Segment Start: RECORDS FOR THIS EXERCISE

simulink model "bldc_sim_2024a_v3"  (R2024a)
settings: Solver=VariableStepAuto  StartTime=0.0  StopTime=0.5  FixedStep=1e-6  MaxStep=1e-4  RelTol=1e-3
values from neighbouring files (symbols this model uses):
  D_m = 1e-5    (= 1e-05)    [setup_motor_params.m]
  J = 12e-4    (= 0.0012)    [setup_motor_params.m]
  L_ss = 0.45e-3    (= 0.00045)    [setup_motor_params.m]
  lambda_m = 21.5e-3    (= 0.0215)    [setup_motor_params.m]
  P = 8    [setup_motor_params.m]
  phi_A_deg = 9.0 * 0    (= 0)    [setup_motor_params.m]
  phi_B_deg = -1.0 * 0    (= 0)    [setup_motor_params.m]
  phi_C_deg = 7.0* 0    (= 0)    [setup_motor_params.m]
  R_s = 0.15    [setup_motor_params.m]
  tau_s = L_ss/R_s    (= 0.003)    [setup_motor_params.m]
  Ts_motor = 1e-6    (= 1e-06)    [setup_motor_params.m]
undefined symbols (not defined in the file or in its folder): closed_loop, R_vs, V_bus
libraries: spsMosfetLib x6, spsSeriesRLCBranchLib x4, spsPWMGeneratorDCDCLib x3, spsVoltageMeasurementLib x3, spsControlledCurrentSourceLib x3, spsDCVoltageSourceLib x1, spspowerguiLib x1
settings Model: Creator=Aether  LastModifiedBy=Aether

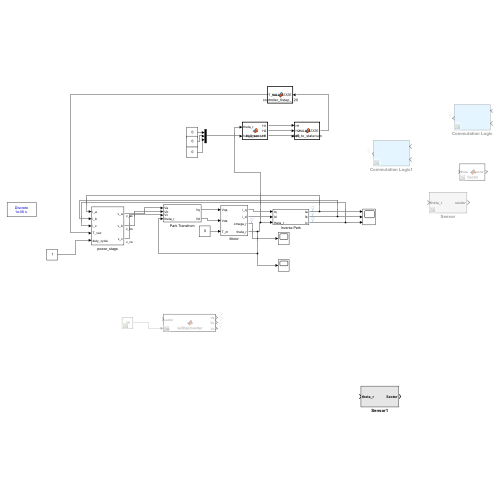
[thumbnail: Simulink's stored preview of the top-level diagram]
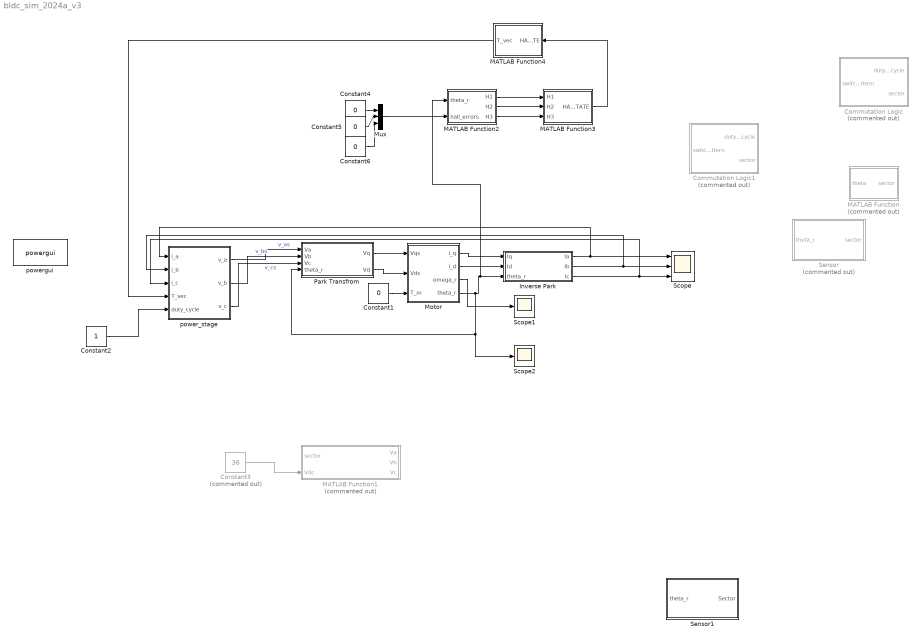
== system bldc_sim_2024a_v3 ==
  Commutation Logic : Subsystem  Commented=on
  Commutation Logic1 : Subsystem  Commented=on
  Constant{1,4..6} (4 alike) : Constant  Value=0
  Constant2 : Constant
  Constant3 : Constant  Commented=on  Value=36
  Inverse Park : Subsystem
  MATLAB Function : MATLAB Function  Commented=on  TreatAsAtomicUnit=on
  MATLAB Function1 : MATLAB Function  Commented=on  TreatAsAtomicUnit=on
  MATLAB Function2 : MATLAB Function  TreatAsAtomicUnit=on
  MATLAB Function3 : MATLAB Function  TreatAsAtomicUnit=on
  MATLAB Function4 : MATLAB Function  TreatAsAtomicUnit=on
  Motor : Subsystem
  Mux : Mux  Inputs=3
  Park Transfrom : Subsystem
  Scope : Scope  NumInputPorts=3
  Scope1 : Scope
  Scope2 : Scope
  Sensor : Subsystem  Commented=on
  Sensor1 : Subsystem
  power_stage : Subsystem
  powergui : spspowerguiLib/powergui  Priority=1  SimulationMode=Discrete  SampleTime=1e-6  frequency=60  Iterations=50  frequencyindice=0  Pbase=100e6  ErrMax=1e-4  UnitsV=kV  UnitsW=MW  buscounter=0  FunctionMessages=off  echomessages=off  EnableUseOfTLC=off  CurrentSourceSwitches=off  DisableSnubberDevices=off  DisableRonSwitches=off  DisableVfSwitches=off  DisplayEquations=off  AutomaticDiscreteSolvers=off  SolverType=Tustin/Backward Euler (TBE)  Interpol=off  ExternalGateDelay=off  methode=off  Ts=100  x0status=blocks  SPID=on  SwTol=0  HookPort=off  NonlinearTolerance=1e-4  nMaxIteration=100  ContinueOnMaxIteration=off  RestoreLinks=warning  ResistiveCurrentMeasurement=off  Frange=[0:2:500]  Ylog=off  Xlog=on  ShowGrid=off  save=off  variable=ZData  structure=0  ZoomFFT=off  StartTime=0.0  cycles=1  DisplayStyle=1  fundamental=60  FreqAxis=off  MaxFrequency=1000  frequencyindicesteady=1  RmsSteady=1  display=off
  wires:
  Park Transfrom/1(Vq) -> Motor/1(Vqs)
  Park Transfrom/2(Vd) -> Motor/2(Vds)
  Motor/1(i_q) -> Inverse Park/1(Iq)
  Motor/2(i_d) -> Inverse Park/2(Id)
  Motor/4(theta_r) -> Scope2/1, Park Transfrom/4(theta_r), MATLAB Function2/1(theta_r), Inverse Park/3(theta_r)
  Inverse Park/1(Ia) -> power_stage/1(i_a), Scope/1
  Inverse Park/2(Ib) -> power_stage/2(i_b), Scope/2
  Inverse Park/3(Ic) -> power_stage/3(i_c), Scope/3
  Constant1/1 -> Motor/3(T_m)
  Motor/3(omega_r) -> Scope1/1
  Constant3/1 -> MATLAB Function1/2(Vdc)
  MATLAB Function4/1(T_vec) -> power_stage/4(T_vec)
  Constant6/1 -> Mux/3
  Constant4/1 -> Mux/1
  MATLAB Function2/1(H1) -> MATLAB Function3/1(H1)
  Mux/1 -> MATLAB Function2/2(hall_errors)
  MATLAB Function2/3(H3) -> MATLAB Function3/3(H3)
  MATLAB Function3/1(HALL_STATE) -> MATLAB Function4/1(HALL_STATE)
  Constant5/1 -> Mux/2
  MATLAB Function2/2(H2) -> MATLAB Function3/2(H2)
  power_stage/1(v_a) -> Park Transfrom/1(Va)  "v_as"
  power_stage/2(v_b) -> Park Transfrom/2(Vb)  "v_bs"
  power_stage/3(v_c) -> Park Transfrom/3(Vc)  "v_cs"
  Constant2/1 -> power_stage/5(duty_cycle)

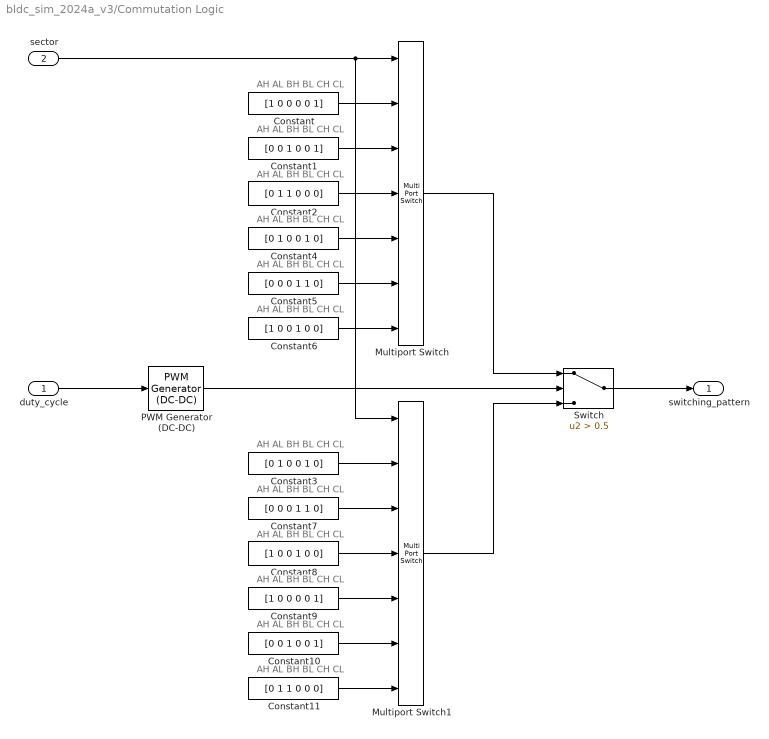
== system bldc_sim_2024a_v3/Commutation Logic ==
  note: AH AL BH BL CH CL
  note: AH AL BH BL CH CL
  note: AH AL BH BL CH CL
  note: AH AL BH BL CH CL
  note: AH AL BH BL CH CL
  note: AH AL BH BL CH CL
  note: AH AL BH BL CH CL
  note: AH AL BH BL CH CL
  note: AH AL BH BL CH CL
  note: AH AL BH BL CH CL
  note: AH AL BH BL CH CL
  note: AH AL BH BL CH CL
  duty_cycle : Inport
  sector : Inport  Port=2
  Constant : Constant  Value=[1 0 0 0 0 1]
  Constant1 : Constant  Value=[0 0 1 0 0 1]
  Constant10 : Constant  Value=[0 0 1 0 0 1]
  Constant11 : Constant  Value=[0 1 1 0 0 0]
  Constant2 : Constant  Value=[0 1 1 0 0 0]
  Constant3 : Constant  Value=[0 1 0 0 1 0]
  Constant4 : Constant  Value=[0 1 0 0 1 0]
  Constant5 : Constant  Value=[0 0 0 1 1 0]
  Constant6 : Constant  Value=[1 0 0 1 0 0]
  Constant7 : Constant  Value=[0 0 0 1 1 0]
  Constant8 : Constant  Value=[1 0 0 1 0 0]
  Constant9 : Constant  Value=[1 0 0 0 0 1]
  Multiport Switch : MultiPortSwitch  Inputs=6  SaturateOnIntegerOverflow=off  InputSameDT=off
  Multiport Switch1 : MultiPortSwitch  Inputs=6  SaturateOnIntegerOverflow=off  InputSameDT=off
  PWM Generator (DC-DC) : spsPWMGeneratorDCDCLib/PWM Generator (DC-DC)  Fsw=1e4  Ts=Ts_motor
  Switch : Switch  Criteria=u2 > Threshold  Threshold=0.5  SaturateOnIntegerOverflow=off  InputSameDT=off
  "  switching_pattern" : Outport  VectorParamsAs1DForOutWhenUnconnected=off
  wires:
  Constant6/1 -> Multiport Switch/7
  Constant4/1 -> Multiport Switch/5
  sector/1 -> Multiport Switch1/1, Multiport Switch/1
  Constant1/1 -> Multiport Switch/3
  Constant2/1 -> Multiport Switch/4
  Constant5/1 -> Multiport Switch/6
  Constant/1 -> Multiport Switch/2
  Constant9/1 -> Multiport Switch1/5
  Constant11/1 -> Multiport Switch1/7
  Constant3/1 -> Multiport Switch1/2
  Constant7/1 -> Multiport Switch1/3
  Constant10/1 -> Multiport Switch1/6
  Constant8/1 -> Multiport Switch1/4
  PWM Generator (DC-DC)/1 -> Switch/2
  Switch/1 -> "  switching_pattern"/1
  Multiport Switch/1 -> Switch/1
  Multiport Switch1/1 -> Switch/3
  duty_cycle/1 -> PWM Generator (DC-DC)/1

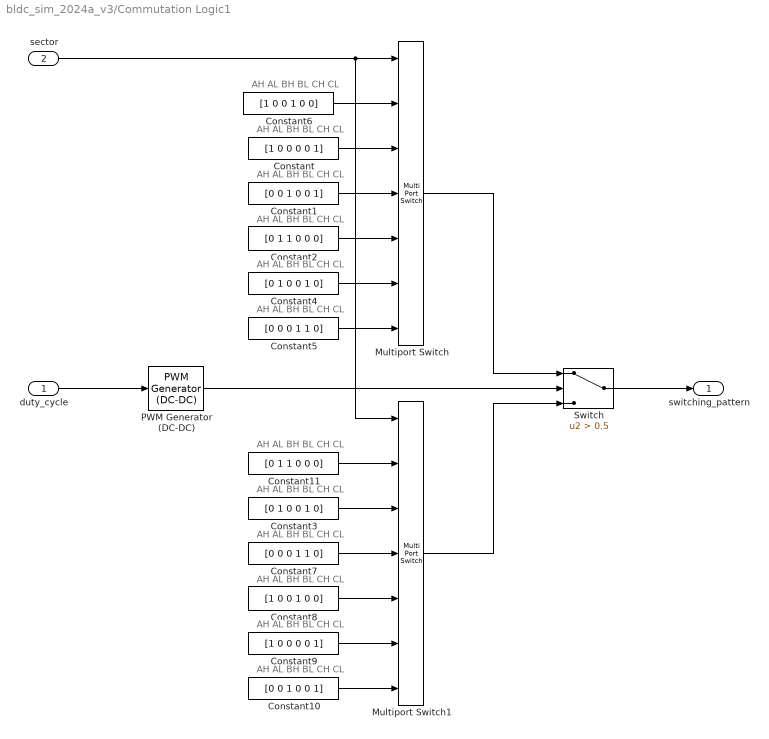
== system bldc_sim_2024a_v3/Commutation Logic1 ==
  note: AH AL BH BL CH CL
  note: AH AL BH BL CH CL
  note: AH AL BH BL CH CL
  note: AH AL BH BL CH CL
  note: AH AL BH BL CH CL
  note: AH AL BH BL CH CL
  note: AH AL BH BL CH CL
  note: AH AL BH BL CH CL
  note: AH AL BH BL CH CL
  note: AH AL BH BL CH CL
  note: AH AL BH BL CH CL
  note: AH AL BH BL CH CL
  duty_cycle : Inport
  sector : Inport  Port=2
  Constant : Constant  Value=[1 0 0 0 0 1]
  Constant1 : Constant  Value=[0 0 1 0 0 1]
  Constant10 : Constant  Value=[0 0 1 0 0 1]
  Constant11 : Constant  Value=[0 1 1 0 0 0]
  Constant2 : Constant  Value=[0 1 1 0 0 0]
  Constant3 : Constant  Value=[0 1 0 0 1 0]
  Constant4 : Constant  Value=[0 1 0 0 1 0]
  Constant5 : Constant  Value=[0 0 0 1 1 0]
  Constant6 : Constant  Value=[1 0 0 1 0 0]
  Constant7 : Constant  Value=[0 0 0 1 1 0]
  Constant8 : Constant  Value=[1 0 0 1 0 0]
  Constant9 : Constant  Value=[1 0 0 0 0 1]
  Multiport Switch : MultiPortSwitch  Inputs=6  SaturateOnIntegerOverflow=off  InputSameDT=off
  Multiport Switch1 : MultiPortSwitch  Inputs=6  SaturateOnIntegerOverflow=off  InputSameDT=off
  PWM Generator (DC-DC) : spsPWMGeneratorDCDCLib/PWM Generator (DC-DC)  Fsw=1e4  Ts=Ts_motor
  Switch : Switch  Criteria=u2 > Threshold  Threshold=0.5  SaturateOnIntegerOverflow=off  InputSameDT=off
  "  switching_pattern" : Outport  VectorParamsAs1DForOutWhenUnconnected=off
  wires:
  sector/1 -> Multiport Switch1/1, Multiport Switch/1
  PWM Generator (DC-DC)/1 -> Switch/2
  Switch/1 -> "  switching_pattern"/1
  Multiport Switch/1 -> Switch/1
  Multiport Switch1/1 -> Switch/3
  duty_cycle/1 -> PWM Generator (DC-DC)/1
  Constant5/1 -> Multiport Switch/7
  Constant4/1 -> Multiport Switch/6
  Constant2/1 -> Multiport Switch/5
  Constant1/1 -> Multiport Switch/4
  Constant/1 -> Multiport Switch/3
  Constant6/1 -> Multiport Switch/2
  Constant10/1 -> Multiport Switch1/7
  Constant9/1 -> Multiport Switch1/6
  Constant8/1 -> Multiport Switch1/5
  Constant7/1 -> Multiport Switch1/4
  Constant3/1 -> Multiport Switch1/3
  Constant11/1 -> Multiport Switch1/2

Segment End: RECORDS FOR THIS EXERCISE

- **WHAT YOU ARE ASKED TO DO**: Scan the records above for the string "Commutation", and copy every line where it turns up.

- **EXPECTED OUTPUT**:
  Commutation Logic : Subsystem  Commented=on
  Commutation Logic1 : Subsystem  Commented=on
== system bldc_sim_2024a_v3/Commutation Logic ==
== system bldc_sim_2024a_v3/Commutation Logic1 ==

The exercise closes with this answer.